The problem> Could you print the entries below exactly, starting at the line that contains "#219=CLOSED_SHELL('',(#46,#75,#104,#134,#164,#185,#206,#218));" and stopping after the last one?

Data extracted from a collection

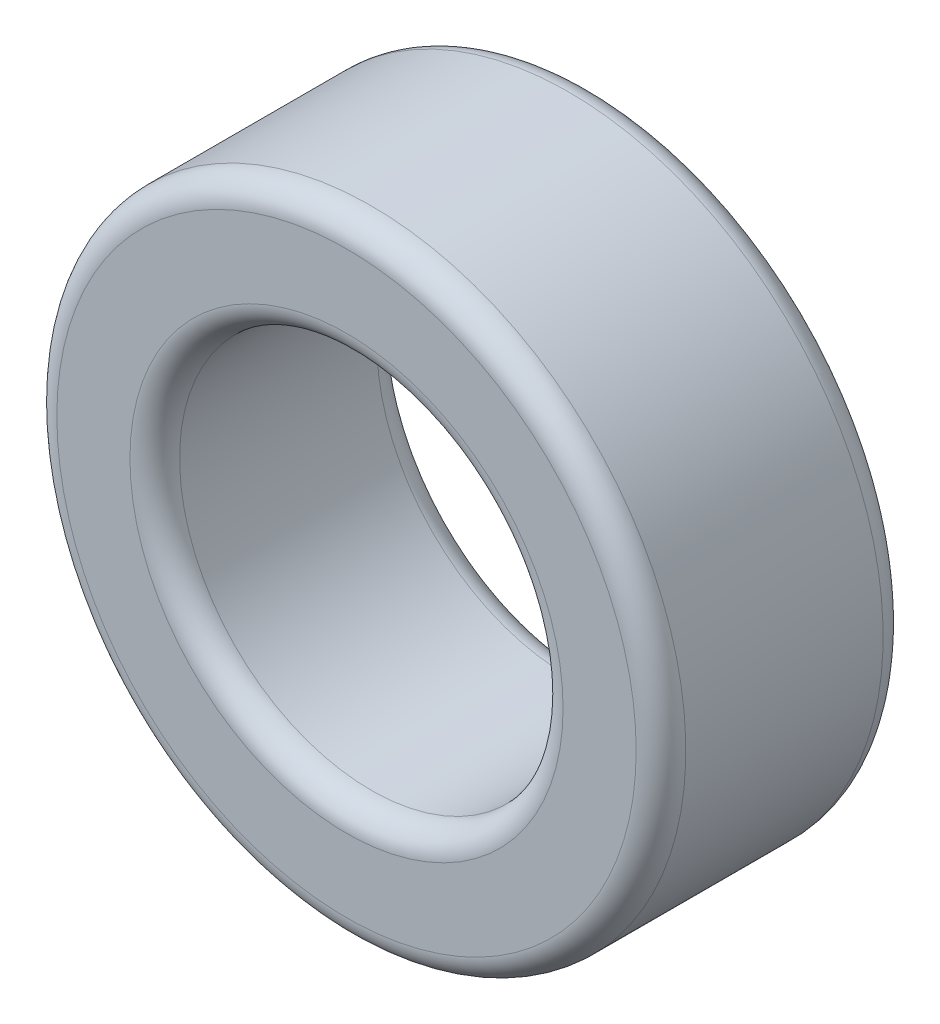
ISO-10303-21;
HEADER;
FILE_DESCRIPTION(('STEP AP214'),'2;1');
FILE_NAME('part.step','',(''),(''),'','','');
FILE_SCHEMA(('AUTOMOTIVE_DESIGN { 1 0 10303 214 1 1 1 1 }'));
ENDSEC;
DATA;
#1=APPLICATION_CONTEXT('core data for automotive mechanical design processes');
#2=APPLICATION_PROTOCOL_DEFINITION('international standard','automotive_design',2000,#1);
#3=PRODUCT_CONTEXT('',#1,'mechanical');
#4=PRODUCT('Part','Part','',(#3));
#5=PRODUCT_RELATED_PRODUCT_CATEGORY('part','',(#4));
#6=PRODUCT_DEFINITION_FORMATION('','',#4);
#7=PRODUCT_DEFINITION_CONTEXT('part definition',#1,'design');
#8=PRODUCT_DEFINITION('design','',#6,#7);
#9=PRODUCT_DEFINITION_SHAPE('','',#8);
#10=(LENGTH_UNIT() NAMED_UNIT(*) SI_UNIT(.MILLI.,.METRE.));
#11=(NAMED_UNIT(*) PLANE_ANGLE_UNIT() SI_UNIT($,.RADIAN.));
#12=(NAMED_UNIT(*) SI_UNIT($,.STERADIAN.) SOLID_ANGLE_UNIT());
#13=UNCERTAINTY_MEASURE_WITH_UNIT(LENGTH_MEASURE(1.E-05),#10,'distance_accuracy_value','');
#14=(GEOMETRIC_REPRESENTATION_CONTEXT(3) GLOBAL_UNCERTAINTY_ASSIGNED_CONTEXT((#13)) GLOBAL_UNIT_ASSIGNED_CONTEXT((#10,
#11,#12)) REPRESENTATION_CONTEXT('',''));
#15=CARTESIAN_POINT('',(0.,0.,0.));
#16=DIRECTION('',(0.,0.,1.));
#17=DIRECTION('',(1.,0.,0.));
#18=AXIS2_PLACEMENT_3D('',#15,#16,#17);
#19=CARTESIAN_POINT('',(0.,0.,4.975));
#20=DIRECTION('',(0.,0.,-1.));
#21=DIRECTION('',(-1.,0.,0.));
#22=AXIS2_PLACEMENT_3D('',#19,#20,#21);
#23=CYLINDRICAL_SURFACE('',#22,7.725);
#24=CARTESIAN_POINT('',(0.,0.,3.975));
#25=DIRECTION('',(0.,0.,1.));
#26=DIRECTION('',(1.,0.,0.));
#27=AXIS2_PLACEMENT_3D('',#24,#25,#26);
#28=CIRCLE('',#27,7.725);
#29=CARTESIAN_POINT('',(7.725,0.,3.975));
#30=VERTEX_POINT('',#29);
#31=EDGE_CURVE('E217',#30,#30,#28,.F.);
#32=ORIENTED_EDGE('',*,*,#31,.F.);
#33=EDGE_LOOP('',(#32));
#34=FACE_BOUND('',#33,.T.);
#35=CARTESIAN_POINT('',(0.,0.,-3.975));
#36=DIRECTION('',(0.,0.,1.));
#37=DIRECTION('',(1.,0.,0.));
#38=AXIS2_PLACEMENT_3D('',#35,#36,#37);
#39=CIRCLE('',#38,7.725);
#40=CARTESIAN_POINT('',(7.725,0.,-3.975));
#41=VERTEX_POINT('',#40);
#42=EDGE_CURVE('E68',#41,#41,#39,.T.);
#43=ORIENTED_EDGE('',*,*,#42,.F.);
#44=EDGE_LOOP('',(#43));
#45=FACE_BOUND('',#44,.T.);
#46=ADVANCED_FACE('F17',(#34,#45),#23,.F.);
#47=CARTESIAN_POINT('',(0.,0.,3.975));
#48=DIRECTION('',(0.,0.,1.));
#49=DIRECTION('',(1.,0.,0.));
#50=AXIS2_PLACEMENT_3D('',#47,#48,#49);
#51=TOROIDAL_SURFACE('',#50,8.725,1.);
#52=ORIENTED_EDGE('',*,*,#31,.T.);
#53=EDGE_LOOP('',(#52));
#54=FACE_BOUND('',#53,.T.);
#55=CARTESIAN_POINT('',(0.,0.,4.975));
#56=DIRECTION('',(0.,0.,1.));
#57=DIRECTION('',(1.,0.,0.));
#58=AXIS2_PLACEMENT_3D('',#55,#56,#57);
#59=CIRCLE('',#58,8.725);
#60=CARTESIAN_POINT('',(-8.725,0.,4.975));
#61=VERTEX_POINT('',#60);
#62=CARTESIAN_POINT('',(8.725,0.,4.975));
#63=VERTEX_POINT('',#62);
#64=EDGE_CURVE('E58',#61,#63,#59,.F.);
#65=ORIENTED_EDGE('',*,*,#64,.F.);
#66=CARTESIAN_POINT('',(0.,0.,4.975));
#67=DIRECTION('',(0.,0.,1.));
#68=DIRECTION('',(-1.,0.,0.));
#69=AXIS2_PLACEMENT_3D('',#66,#67,#68);
#70=CIRCLE('',#69,8.725);
#71=EDGE_CURVE('E56',#63,#61,#70,.F.);
#72=ORIENTED_EDGE('',*,*,#71,.F.);
#73=EDGE_LOOP('',(#65,#72));
#74=FACE_BOUND('',#73,.T.);
#75=ADVANCED_FACE('F60',(#54,#74),#51,.T.);
#76=CARTESIAN_POINT('',(0.,0.,-3.975));
#77=DIRECTION('',(0.,0.,1.));
#78=DIRECTION('',(1.,0.,0.));
#79=AXIS2_PLACEMENT_3D('',#76,#77,#78);
#80=TOROIDAL_SURFACE('',#79,8.725,1.);
#81=CARTESIAN_POINT('',(0.,0.,-4.975));
#82=DIRECTION('',(0.,0.,-1.));
#83=DIRECTION('',(1.,0.,0.));
#84=AXIS2_PLACEMENT_3D('',#81,#82,#83);
#85=CIRCLE('',#84,8.725);
#86=CARTESIAN_POINT('',(8.725,0.,-4.975));
#87=VERTEX_POINT('',#86);
#88=CARTESIAN_POINT('',(-8.725,0.,-4.975));
#89=VERTEX_POINT('',#88);
#90=EDGE_CURVE('E63',#87,#89,#85,.T.);
#91=ORIENTED_EDGE('',*,*,#90,.T.);
#92=CARTESIAN_POINT('',(0.,0.,-4.975));
#93=DIRECTION('',(0.,0.,-1.));
#94=DIRECTION('',(-1.,0.,0.));
#95=AXIS2_PLACEMENT_3D('',#92,#93,#94);
#96=CIRCLE('',#95,8.725);
#97=EDGE_CURVE('E158',#89,#87,#96,.T.);
#98=ORIENTED_EDGE('',*,*,#97,.T.);
#99=EDGE_LOOP('',(#91,#98));
#100=FACE_BOUND('',#99,.T.);
#101=ORIENTED_EDGE('',*,*,#42,.T.);
#102=EDGE_LOOP('',(#101));
#103=FACE_BOUND('',#102,.T.);
#104=ADVANCED_FACE('F89',(#100,#103),#80,.T.);
#105=CARTESIAN_POINT('',(0.,0.,4.975));
#106=DIRECTION('',(0.,0.,1.));
#107=DIRECTION('',(1.,0.,0.));
#108=AXIS2_PLACEMENT_3D('',#105,#106,#107);
#109=PLANE('',#108);
#110=CARTESIAN_POINT('',(0.,0.,4.975));
#111=DIRECTION('',(0.,0.,-1.));
#112=DIRECTION('',(-1.,0.,0.));
#113=AXIS2_PLACEMENT_3D('',#110,#111,#112);
#114=CIRCLE('',#113,11.67);
#115=CARTESIAN_POINT('',(-11.67,0.,4.975));
#116=VERTEX_POINT('',#115);
#117=CARTESIAN_POINT('',(11.67,0.,4.975));
#118=VERTEX_POINT('',#117);
#119=EDGE_CURVE('E124',#116,#118,#114,.T.);
#120=ORIENTED_EDGE('',*,*,#119,.F.);
#121=CARTESIAN_POINT('',(0.,0.,4.975));
#122=DIRECTION('',(0.,0.,-1.));
#123=DIRECTION('',(1.,0.,0.));
#124=AXIS2_PLACEMENT_3D('',#121,#122,#123);
#125=CIRCLE('',#124,11.67);
#126=EDGE_CURVE('E112',#118,#116,#125,.T.);
#127=ORIENTED_EDGE('',*,*,#126,.F.);
#128=EDGE_LOOP('',(#120,#127));
#129=FACE_BOUND('',#128,.T.);
#130=ORIENTED_EDGE('',*,*,#71,.T.);
#131=ORIENTED_EDGE('',*,*,#64,.T.);
#132=EDGE_LOOP('',(#130,#131));
#133=FACE_BOUND('',#132,.T.);
#134=ADVANCED_FACE('F67',(#129,#133),#109,.T.);
#135=CARTESIAN_POINT('',(0.,0.,-4.975));
#136=DIRECTION('',(0.,0.,1.));
#137=DIRECTION('',(1.,0.,0.));
#138=AXIS2_PLACEMENT_3D('',#135,#136,#137);
#139=PLANE('',#138);
#140=CARTESIAN_POINT('',(0.,0.,-4.975));
#141=DIRECTION('',(0.,0.,1.));
#142=DIRECTION('',(1.,0.,0.));
#143=AXIS2_PLACEMENT_3D('',#140,#141,#142);
#144=CIRCLE('',#143,11.67);
#145=CARTESIAN_POINT('',(11.67,0.,-4.975));
#146=VERTEX_POINT('',#145);
#147=CARTESIAN_POINT('',(-11.67,0.,-4.975));
#148=VERTEX_POINT('',#147);
#149=EDGE_CURVE('E168',#146,#148,#144,.T.);
#150=ORIENTED_EDGE('',*,*,#149,.F.);
#151=CARTESIAN_POINT('',(0.,0.,-4.975));
#152=DIRECTION('',(0.,0.,1.));
#153=DIRECTION('',(-1.,0.,0.));
#154=AXIS2_PLACEMENT_3D('',#151,#152,#153);
#155=CIRCLE('',#154,11.67);
#156=EDGE_CURVE('E35',#148,#146,#155,.T.);
#157=ORIENTED_EDGE('',*,*,#156,.F.);
#158=EDGE_LOOP('',(#150,#157));
#159=FACE_BOUND('',#158,.T.);
#160=ORIENTED_EDGE('',*,*,#90,.F.);
#161=ORIENTED_EDGE('',*,*,#97,.F.);
#162=EDGE_LOOP('',(#160,#161));
#163=FACE_BOUND('',#162,.T.);
#164=ADVANCED_FACE('F88',(#159,#163),#139,.F.);
#165=CARTESIAN_POINT('',(0.,0.,3.975));
#166=DIRECTION('',(0.,0.,1.));
#167=DIRECTION('',(1.,0.,0.));
#168=AXIS2_PLACEMENT_3D('',#165,#166,#167);
#169=TOROIDAL_SURFACE('',#168,11.67,1.);
#170=ORIENTED_EDGE('',*,*,#126,.T.);
#171=ORIENTED_EDGE('',*,*,#119,.T.);
#172=EDGE_LOOP('',(#170,#171));
#173=FACE_BOUND('',#172,.T.);
#174=CARTESIAN_POINT('',(0.,0.,3.975));
#175=DIRECTION('',(0.,0.,-1.));
#176=DIRECTION('',(-1.,0.,0.));
#177=AXIS2_PLACEMENT_3D('',#174,#175,#176);
#178=CIRCLE('',#177,12.67);
#179=CARTESIAN_POINT('',(-12.67,0.,3.975));
#180=VERTEX_POINT('',#179);
#181=EDGE_CURVE('E27',#180,#180,#178,.T.);
#182=ORIENTED_EDGE('',*,*,#181,.F.);
#183=EDGE_LOOP('',(#182));
#184=FACE_BOUND('',#183,.T.);
#185=ADVANCED_FACE('F128',(#173,#184),#169,.T.);
#186=CARTESIAN_POINT('',(0.,0.,-3.975));
#187=DIRECTION('',(0.,0.,1.));
#188=DIRECTION('',(1.,0.,0.));
#189=AXIS2_PLACEMENT_3D('',#186,#187,#188);
#190=TOROIDAL_SURFACE('',#189,11.67,1.);
#191=CARTESIAN_POINT('',(0.,0.,-3.975));
#192=DIRECTION('',(0.,0.,-1.));
#193=DIRECTION('',(-1.,0.,0.));
#194=AXIS2_PLACEMENT_3D('',#191,#192,#193);
#195=CIRCLE('',#194,12.67);
#196=CARTESIAN_POINT('',(-12.67,0.,-3.975));
#197=VERTEX_POINT('',#196);
#198=EDGE_CURVE('E11',#197,#197,#195,.F.);
#199=ORIENTED_EDGE('',*,*,#198,.F.);
#200=EDGE_LOOP('',(#199));
#201=FACE_BOUND('',#200,.T.);
#202=ORIENTED_EDGE('',*,*,#149,.T.);
#203=ORIENTED_EDGE('',*,*,#156,.T.);
#204=EDGE_LOOP('',(#202,#203));
#205=FACE_BOUND('',#204,.T.);
#206=ADVANCED_FACE('F137',(#201,#205),#190,.T.);
#207=CARTESIAN_POINT('',(0.,0.,4.975));
#208=DIRECTION('',(0.,0.,-1.));
#209=DIRECTION('',(-1.,0.,0.));
#210=AXIS2_PLACEMENT_3D('',#207,#208,#209);
#211=CYLINDRICAL_SURFACE('',#210,12.67);
#212=ORIENTED_EDGE('',*,*,#198,.T.);
#213=EDGE_LOOP('',(#212));
#214=FACE_BOUND('',#213,.T.);
#215=ORIENTED_EDGE('',*,*,#181,.T.);
#216=EDGE_LOOP('',(#215));
#217=FACE_BOUND('',#216,.T.);
#218=ADVANCED_FACE('F248',(#214,#217),#211,.T.);
#219=CLOSED_SHELL('',(#46,#75,#104,#134,#164,#185,#206,#218));
#220=MANIFOLD_SOLID_BREP('B1',#219);
#221=ADVANCED_BREP_SHAPE_REPRESENTATION('',(#18,#220),#14);
#222=SHAPE_DEFINITION_REPRESENTATION(#9,#221);
ENDSEC;
END-ISO-10303-21;

Completed exercise>
#219=CLOSED_SHELL('',(#46,#75,#104,#134,#164,#185,#206,#218));
#220=MANIFOLD_SOLID_BREP('B1',#219);
#221=ADVANCED_BREP_SHAPE_REPRESENTATION('',(#18,#220),#14);
#222=SHAPE_DEFINITION_REPRESENTATION(#9,#221);
ENDSEC;
END-ISO-10303-21;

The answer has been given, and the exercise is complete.